··· Dataset extract

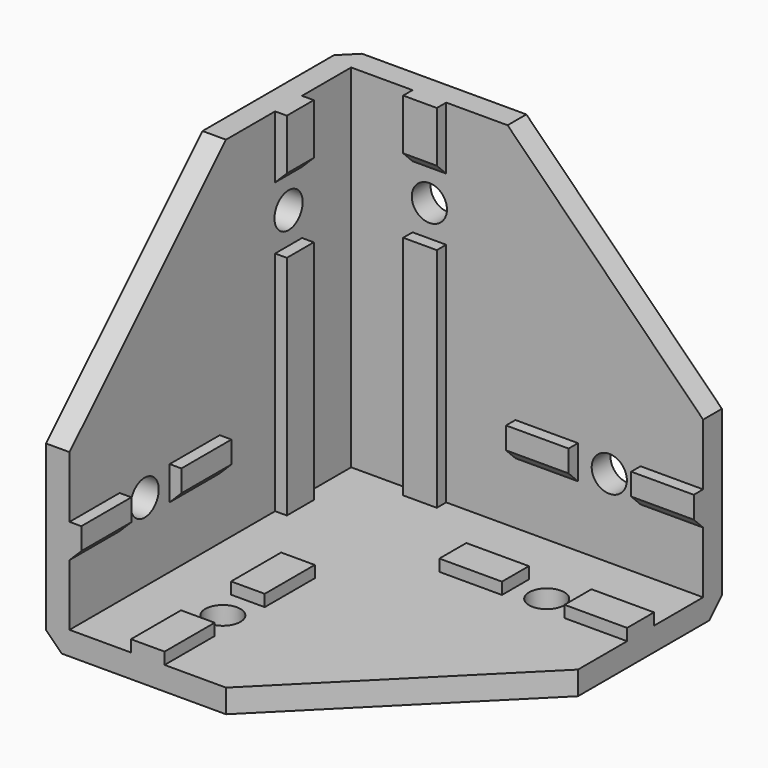
from build123d import *

# Parameters (mm, degrees)
F0_R     = 2.25
F0_W     = 4.3
F0_H     = 8
F0_W_2   = 8
F0_H_2   = 4.3
F1_DEPTH = 3
F2_DEPTH = 45
F3_DEPTH = 1.5
F4_R     = 2.25
F5_DEPTH = 12.5
F4_W     = 4.3
F4_H     = 8
F4_H_2   = 21
F4_W_2   = 8
F4_H_3   = 4.3
F6_DEPTH = 1.5
F7_SIZE  = 1.49999
F9_SIZE  = 2


# Not quite as in the source:
# - a fillet or chamfer is up to 0.001 mm smaller than in the source, because OpenCascade refuses the exact size
# - a pattern or mirror of a feature is missing from the dataset's text; its kind, count and spacing are read off the source's solid


with BuildPart() as f1:
    # F0 (on Top) → F1 (new body)
    with BuildSketch(Plane.XY):
        Polygon((0, -45), (0, 0), (45, 0), (45, 3), (-3, 3), (-3, -45), align=None)
        Polygon((45, 0), (0, 0), (0, -45), (7.85, -45), (7.85, -37), (12.15, -37), (12.15, -45), (20, -45), (45, -20), (45, -12.15), (37, -12.15), (37, -7.85), (45, -7.85), align=None)
        with Locations((10, -33)):
            Circle(F0_R, mode=Mode.SUBTRACT)
        with Locations((10, -25)):
            Rectangle(F0_W, F0_H, mode=Mode.SUBTRACT)
        with Locations((25, -10)):
            Rectangle(F0_W_2, F0_H_2, mode=Mode.SUBTRACT)
        with Locations((33, -10)):
            Circle(F0_R, mode=Mode.SUBTRACT)
        with Locations((25, -10)):
            Rectangle(F0_W_2, F0_H_2)
        with Locations((41, -10)):
            Rectangle(F0_W_2, F0_H_2)
        with Locations((10, -25)):
            Rectangle(F0_W, F0_H)
        with Locations((10, -41)):
            Rectangle(F0_W, F0_H)
    extrude(amount=-F1_DEPTH)

    # F0 (on Top) → F2 (join)
    with BuildSketch(Plane.XY):
        Polygon((0, -45), (0, 0), (45, 0), (45, 3), (-3, 3), (-3, -45), align=None)
    extrude(amount=F2_DEPTH)

    # F0 (on Top) → F3 (join)
    with BuildSketch(Plane.XY):
        with Locations((10, -25)):
            Rectangle(F0_W, F0_H)
        with Locations((10, -41)):
            Rectangle(F0_W, F0_H)
        with Locations((25, -10)):
            Rectangle(F0_W_2, F0_H_2)
        with Locations((41, -10)):
            Rectangle(F0_W_2, F0_H_2)
    extrude(amount=F3_DEPTH)

    # F4 (on face) → F5 (cut, symmetric)
    with BuildSketch(Plane.YZ):
        Polygon((-45, 20), (-20, 45), (-45, 45), align=None)
        with Locations((-10, 33)):
            Circle(F4_R)
        with Locations((-33, 10)):
            Circle(F4_R)
    f5 = extrude(amount=F5_DEPTH, both=True, mode=Mode.SUBTRACT)

    # F5_copies: F5 across plane
    add(f5.mirror(Plane(origin=(0, 0, 0), x_dir=(0.7071067812, -0.7071067812, 0), z_dir=(0.7071067812, 0.7071067812, 0))), mode=Mode.SUBTRACT)

    # F4 (on face) → F6 (join)
    with BuildSketch(Plane.YZ):
        with Locations((-10, 41)):
            Rectangle(F4_W, F4_H)
        with Locations((-10, 25)):
            Rectangle(F4_W, F4_H)
        with Locations((-10, 10.5)):
            Rectangle(F4_W, F4_H_2)
        with Locations((-25, 10)):
            Rectangle(F4_W_2, F4_H_3)
        with Locations((-41, 10)):
            Rectangle(F4_W_2, F4_H_3)
    f6 = extrude(amount=F6_DEPTH)

    # F6_copies: F6 across plane
    add(f6.mirror(Plane(origin=(0, 0, 0), x_dir=(0.7071067812, -0.7071067812, 0), z_dir=(0.7071067812, 0.7071067812, 0))))

    # F7 (size 1.5 in the source; OpenCascade refuses exactly that, so slightly less here)
    f7_edges = [f1.edges().sort_by_distance(p)[0] for p in [
        (1.5, -41, 7.85),
        (1.5, -25, 7.85),
        (1.5, -10, 37),
        (41, -1.5, 7.85),
        (10, -1.5, 37),
        (25, -1.5, 7.85),
    ]]
    chamfer(f7_edges, length=F7_SIZE)

    # F9
    f9_edges = [f1.edges().sort_by_distance(p)[0] for p in [
        (-3, 3, 21),
        (-3, -21, -3),
        (21, 3, -3),
    ]]
    chamfer(f9_edges, length=F9_SIZE)


solid = f1.part
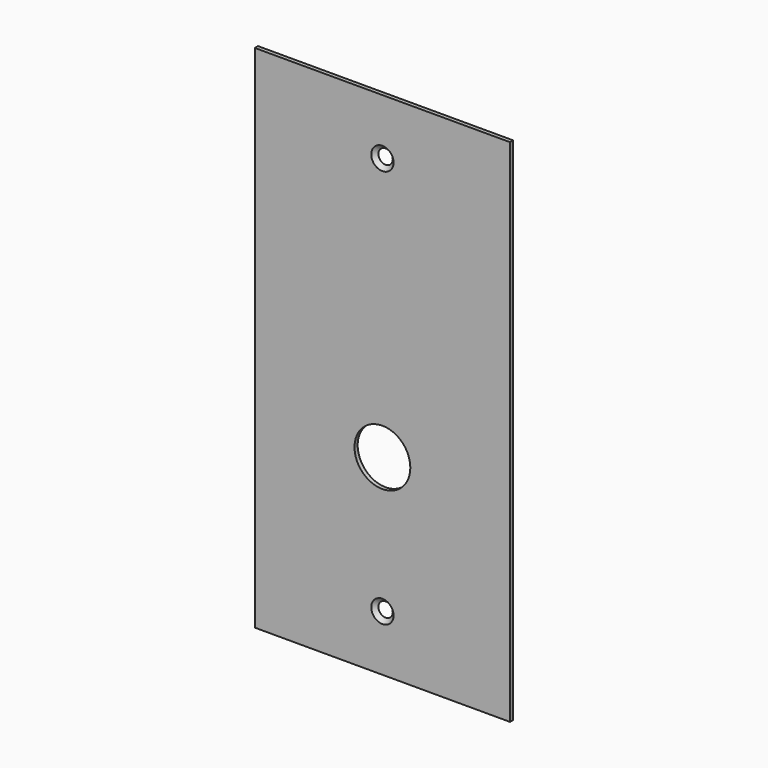
from build123d import *

# Parameters (mm, degrees)
F0_W     = 160
F0_H     = 320
F0_R     = 3
F0_R_2   = 17.5
F1_DEPTH = 2.5


# Not quite as in the source:
# - a fillet or chamfer that OpenCascade refuses, or shapes differently, is made with other operations: its cross-section is extruded or revolved along the edge and cut away or added


with BuildPart() as f1:
    # F0 (on Front) → F1 (new body)
    with BuildSketch(Plane.XZ):
        with Locations((-1.8876045942, 29.6809725389)):
            Rectangle(F0_W, F0_H)
        with Locations((-1.8876045942, -95.3190274611)):
            Circle(F0_R, mode=Mode.SUBTRACT)
        with Locations((-1.8876045942, -10.3190274611)):
            Circle(F0_R_2, mode=Mode.SUBTRACT)
        with Locations((-1.8876045942, 154.6809725389)):
            Circle(F0_R, mode=Mode.SUBTRACT)
    extrude(amount=F1_DEPTH)

    # F2: chamfer of 4 on 2 edges, made by hand

    # F2_s1 → F2_t2 (revolve, cut)
    with BuildSketch(Plane.XY.offset(154.6809725389)):
        Polygon((1.1123954058, 1.5), (5.1123954058, -2.5), (1.1123954058, -2.5), align=None)
    revolve(axis=Axis((-1.8876045942, -2.5, 154.6809725389), (0, -1, 0)), mode=Mode.SUBTRACT)

    # F2_s3 → F2_t4 (revolve, cut)
    with BuildSketch(Plane.XY.offset(-95.3190274611)):
        Polygon((1.1123954058, 1.5), (5.1123954058, -2.5), (1.1123954058, -2.5), align=None)
    revolve(axis=Axis((-1.8876045942, -2.5, -95.3190274611), (0, -1, 0)), mode=Mode.SUBTRACT)


solid = f1.part
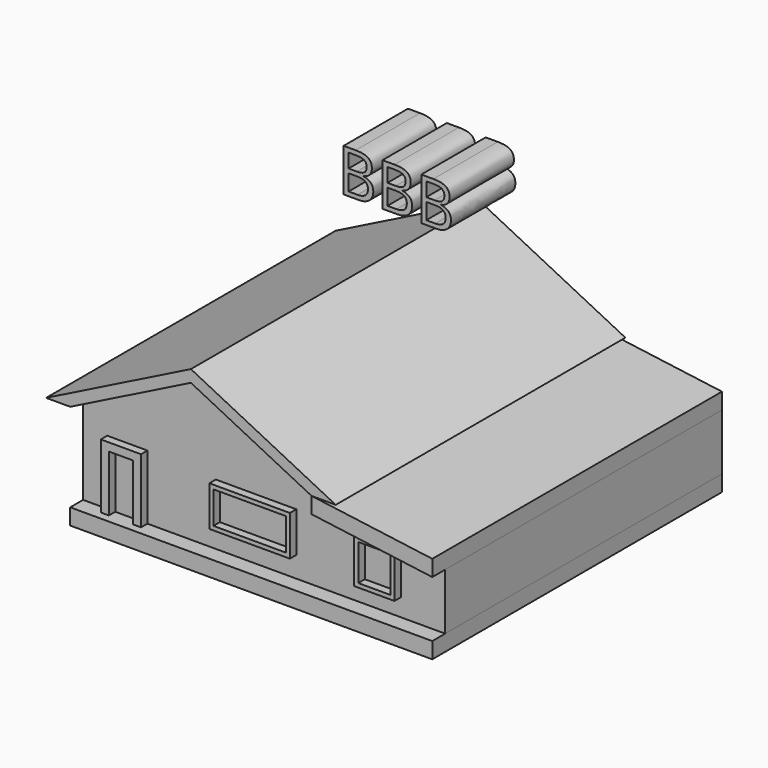
from build123d import *

# Parameters (mm, degrees)
F1_DEPTH     = 13716
F0_W         = 4572
F0_H         = 609.6
F0_W_2       = 3048
F0_H_2       = 1524
F0_W_3       = 1524
F0_H_3       = 1676.4
F2_DEPTH     = 13106.4
F0_W_4       = 914.4
F0_H_4       = 2133.6
F0_W_5       = 2743.2
F0_H_5       = 1219.2
F0_W_6       = 1209.2
F0_H_6       = 1361.6
F3_DEPTH     = 13411.2
F0_W_7       = 1219.2
F0_H_7       = 1371.6
F4_W         = 3520.1352
F4_H         = 1837.6392
F4_W_2       = 3215.3352
F4_H_2       = 1532.8392
F5_DEPTH     = 304.8
F0_TEXT_SIZE = 2271.7247406642
F6_DEPTH     = 3048


# Not quite as in the source:
# - Text() gives the source's letters only with a copy of the font that has no kerning and outlines rounded to 1/6400 em; it was checked with that copy


with BuildPart() as f1:
    # F0 (on Front) → F1 (new body)
    with BuildSketch(Plane.XZ):
        Polygon((0, 2286), (4572, 0), (5486.4, 0), (0, 2743.2), align=None)
        Polygon((-5486.4, 0), (-4572, 0), (0, 2286), (0, 2743.2), align=None)
    extrude(amount=F1_DEPTH)


with BuildPart() as f1b:
    # F0 (on Front) → F1, piece 2 (new body)
    with BuildSketch(Plane.XZ):
        Polygon((9144, -609.6), (4572, 0), (4572, -609.6), (9144, -1219.2), align=None)
    extrude(amount=F1_DEPTH)


with BuildPart() as f1c:
    # F0 (on Front) → F1, piece 3 (new body)
    with BuildSketch(Plane.XZ):
        with Locations((6858, -3657.6)):
            Rectangle(F0_W, F0_H)
        Polygon((-3657.6, -3352.8), (-4572, -3352.8), (-4572, -3962.4), (4572, -3962.4), (4572, -3352.8), (-2133.6, -3352.8), (-2438.4, -3352.8), (-3352.8, -3352.8), align=None)
    extrude(amount=F1_DEPTH)


with BuildPart() as f2:
    # F0 (on Front) → F2 (new body)
    with BuildSketch(Plane.XZ):
        Polygon((4572, 0), (0, 0), (-4572, 0), (-4572, -3352.8), (-3657.6, -3352.8), (-3657.6, -914.4), (-2133.6, -914.4), (-2133.6, -3352.8), (4572, -3352.8), (4572, -609.6), align=None)
        with Locations((1981.2, -1800.8599634171)):
            Rectangle(F0_W_2, F0_H_2, mode=Mode.SUBTRACT)
        Polygon((9144, -1219.2), (4572, -609.6), (4572, -3352.8), (9144, -3352.8), align=None)
        with Locations((6705.6, -1847.3336965561)):
            Rectangle(F0_W_3, F0_H_3, mode=Mode.SUBTRACT)
        Polygon((-4572, 0), (0, 0), (4572, 0), (0, 2286), align=None)
    extrude(amount=F2_DEPTH)

    # F4 (on face) → F5 (join)
    with BuildSketch(Plane(origin=(-4572, 0, 0), x_dir=(0, -1, 0), z_dir=(-1, 0, 0))):
        with Locations((2977.7692902924, -1433.9702620605)):
            Rectangle(F4_W, F4_H)
        with Locations((2977.7692902924, -1433.9702620605)):
            Rectangle(F4_W_2, F4_H_2, mode=Mode.SUBTRACT)
        with Locations((10128.6564, -1433.9316)):
            Rectangle(F4_W, F4_H)
        with Locations((10128.6564, -1433.9316)):
            Rectangle(F4_W_2, F4_H_2, mode=Mode.SUBTRACT)
    extrude(amount=F5_DEPTH)


with BuildPart() as f2b:
    # F0 (on Front) → F2, piece 2 (new body)
    with BuildSketch(Plane.XZ):
        with Locations((-2895.6, -2286)):
            Rectangle(F0_W_4, F0_H_4)
    extrude(amount=F2_DEPTH)


with BuildPart() as f2c:
    # F0 (on Front) → F2, piece 3 (new body)
    with BuildSketch(Plane.XZ):
        with Locations((1981.2, -1800.8599634171)):
            Rectangle(F0_W_5, F0_H_5)
    extrude(amount=F2_DEPTH)


with BuildPart() as f2d:
    # F0 (on Front) → F2, piece 4 (new body)
    with BuildSketch(Plane.XZ):
        with Locations((6705.6, -1847.3336965561)):
            Rectangle(F0_W_6, F0_H_6)
    extrude(amount=F2_DEPTH)


with BuildPart() as f3:
    # F0 (on Front) → F3 (new body)
    with BuildSketch(Plane.XZ):
        Polygon((-3657.6, -914.4), (-3657.6, -3352.8), (-3352.8, -3352.8), (-3352.8, -1219.2), (-2438.4, -1219.2), (-2438.4, -3352.8), (-2133.6, -3352.8), (-2133.6, -914.4), align=None)
    extrude(amount=F3_DEPTH)


with BuildPart() as f3b:
    # F0 (on Front) → F3, piece 2 (new body)
    with BuildSketch(Plane.XZ):
        with Locations((1981.2, -1800.8599634171)):
            Rectangle(F0_W_2, F0_H_2)
        with Locations((1981.2, -1800.8599634171)):
            Rectangle(F0_W_5, F0_H_5, mode=Mode.SUBTRACT)
    extrude(amount=F3_DEPTH)


with BuildPart() as f3c:
    # F0 (on Front) → F3, piece 3 (new body)
    with BuildSketch(Plane.XZ):
        with Locations((6705.6, -1847.3336965561)):
            Rectangle(F0_W_3, F0_H_3)
        with Locations((6705.6, -1847.3336965561)):
            Rectangle(F0_W_7, F0_H_7, mode=Mode.SUBTRACT)
    extrude(amount=F3_DEPTH)


with BuildPart() as f6:
    # F0 (on Front) → F6 (new body)
    with BuildSketch(Plane.XZ):
        with Locations((-2972.1286296844, 3337.4259471893)):
            Text('BBB', F0_TEXT_SIZE, font='Open Sans', text_align=(TextAlign.LEFT, TextAlign.BOTTOM))
    extrude(amount=F6_DEPTH)


solid = Compound([f1.part, f1b.part, f1c.part, f2.part, f2b.part, f2c.part, f2d.part, f3.part, f3b.part, f3c.part, f6.part])

······

[What to do] Go through the listing above and return each line that includes the word "chamfer".

[Solution to this task]
# - a fillet or chamfer is up to 0.001 mm smaller than in the source, because OpenCascade refuses the exact size
    chamfer(f7_edges, length=F7_SIZE)
    chamfer(f9_edges, length=F9_SIZE)
# - a fillet or chamfer that OpenCascade refuses, or shapes differently, is made with other operations: its cross-section is extruded or revolved along the edge and cut away or added
    # F2: chamfer of 4 on 2 edges, made by hand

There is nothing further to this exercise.